The Sapp’s much-awaited return from injury a few months into the season was hindered by the fact he’d apparently been doing his rehabilitation in a branch of McDonalds

Muppet of the season? In any other season there’d be a couple of Silkmen vying for this title, but this year no one has been especially rubbish.

What would you change next term if you were the gaffer? I’d attack more, especially at home where our form has been poor for years. The safety-first approach probably kept us up this season, but the current squad is capable of better things. Just look at the penultimate game of season: three up inside twenty minutes, away from home against promotion candidates Gillingham, eventually winning 2-4.

Which player would you like to sign With a 20-goal-a-season man we’d be at the other end of the table. But proven goalscorers don’t come cheap and they don’t usually join Macclesfield Town. Realistically, expect the usual mix of promising but untried non-leaguers, higher division youth-team cast offs, and any veterans of Lincoln’s 2003-2006 play off teams who haven’t already played for the Silkmen. Is Ben Futcher available yet?

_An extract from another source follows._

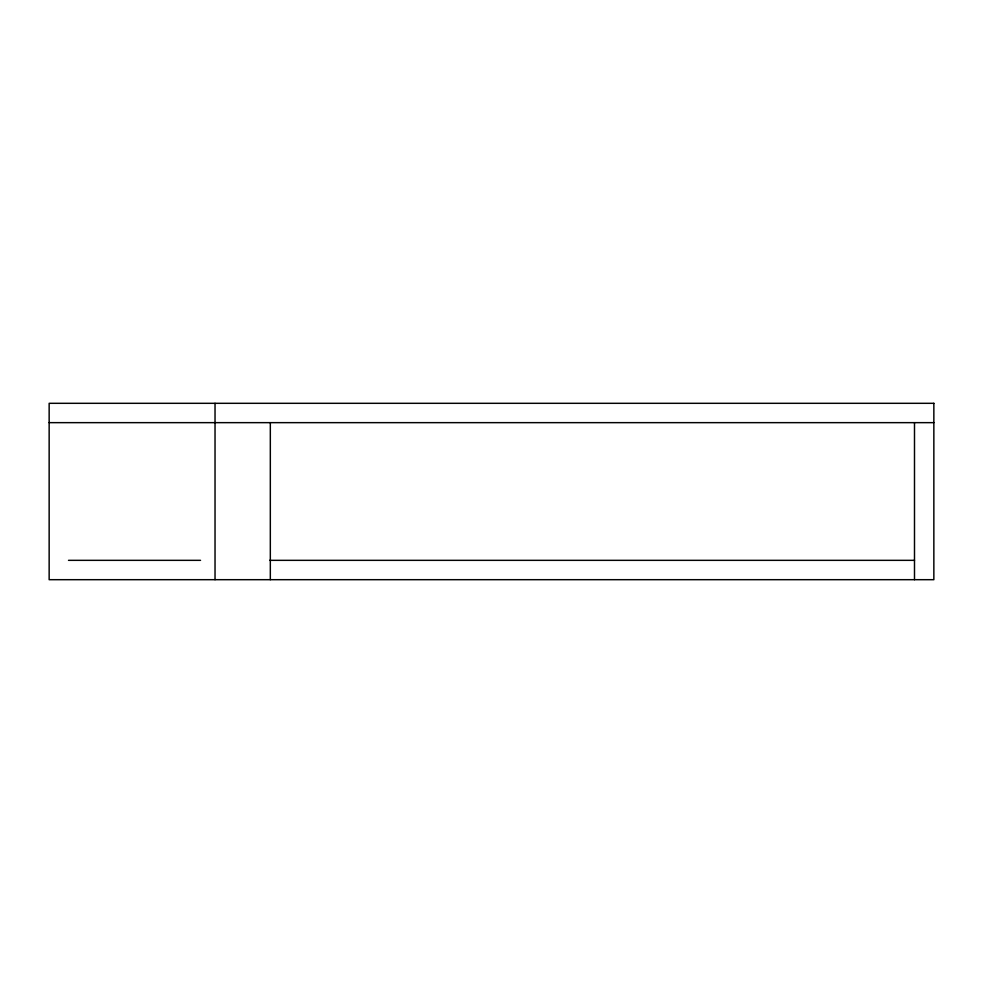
<?xml version="1.0" encoding="UTF-8"?>
<svg xmlns="http://www.w3.org/2000/svg" width="983" height="983" viewBox="0 0 983 983"><rect width="100%" height="100%" fill="white"/><g stroke="black" fill="none" stroke-linecap="round" stroke-linejoin="round"><path stroke-width="1.47" d="M49.15 422.653L933.85 422.653M68.503 560.335L200.544 560.335M269.637 560.335L914.497 560.335M914.497 422.653L914.497 579.687M270.325 422.665L270.325 579.687M215.031 403.313L215.031 579.687M933.85 403.313L49.15 403.313L49.15 579.687L933.85 579.687L933.85 403.313"/></g></svg>

Best goal? Tyrone Barnett’s right-footed strike into the top corner of the net from just outside the 18-yard box against Wycombe Wanderers. Watch it here at 5m 24s.

Biggest tosser? One heavyweight candidate for this: Ricky Sappleton. The Sapp’s much-awaited return from injury a few months into the season was hindered by the fact he’d apparently been doing his rehabilitation in a branch of McDonalds. Well short of match fitness, he was limited to occasional appearances from the bench.

In one brief outing, The Sapp sparked a mass brawl in the 90th minute when he floored a Wycombe player with a late challenge, took out another with a brutal kick to the shin, and grappled with the rest of the squad before getting sent off. Rumour has it he’d left pies in the oven and couldn’t risk staying on the pitch for added time in case they burnt. Watch the whole brawl here.

Sappleton finally exhausted the patience of the fans by becoming the first MTFC player to fire off a few moronic tweets criticising the club. He wasn’t happy with the management, and couldn’t wait until the summer, when he could leave.

Not many Macclesfield players use Twitter. Someone set up a fake account in his honour and tweeted a merciless string of fat jokes.

Sappleton was presumably delighted to be released from the club last week. See you in KFC, Ricky.

Player’s tweet of the season? Ricky Sappleton’s season is summed up by his brilliantly incisive tweet: ‘wanna go nando’s’. Sadly he subsequently made his account private, so the real tweet of the season goes to his ‘tribute’ twitter account @fatsapp: ‘Destroyed a little chef breakfast bluuud. Lookin out 4 a new club innit, tesco hav stopped puttin cheese in theirs. Siiiikk times.’

Most inspired chant? “One Ron Weasley, there’s only one Ron Weasley” to Torquay United goalkeeper Scott Bevan.

Best laugh you had all season? Goalkeeper Jose Veiga’s attempts to disguise a transparent plastic golf tee on the 6-yard box line at Burton’s Pirelli Stadium. His goal kicks were excellent until the ref confiscated it.

How do you plan to get through the summer without football? I might have to resort to the ancient copy of Football Manager.

Any other news? Never, ever place any bets based on Sky Sports predicted league tables.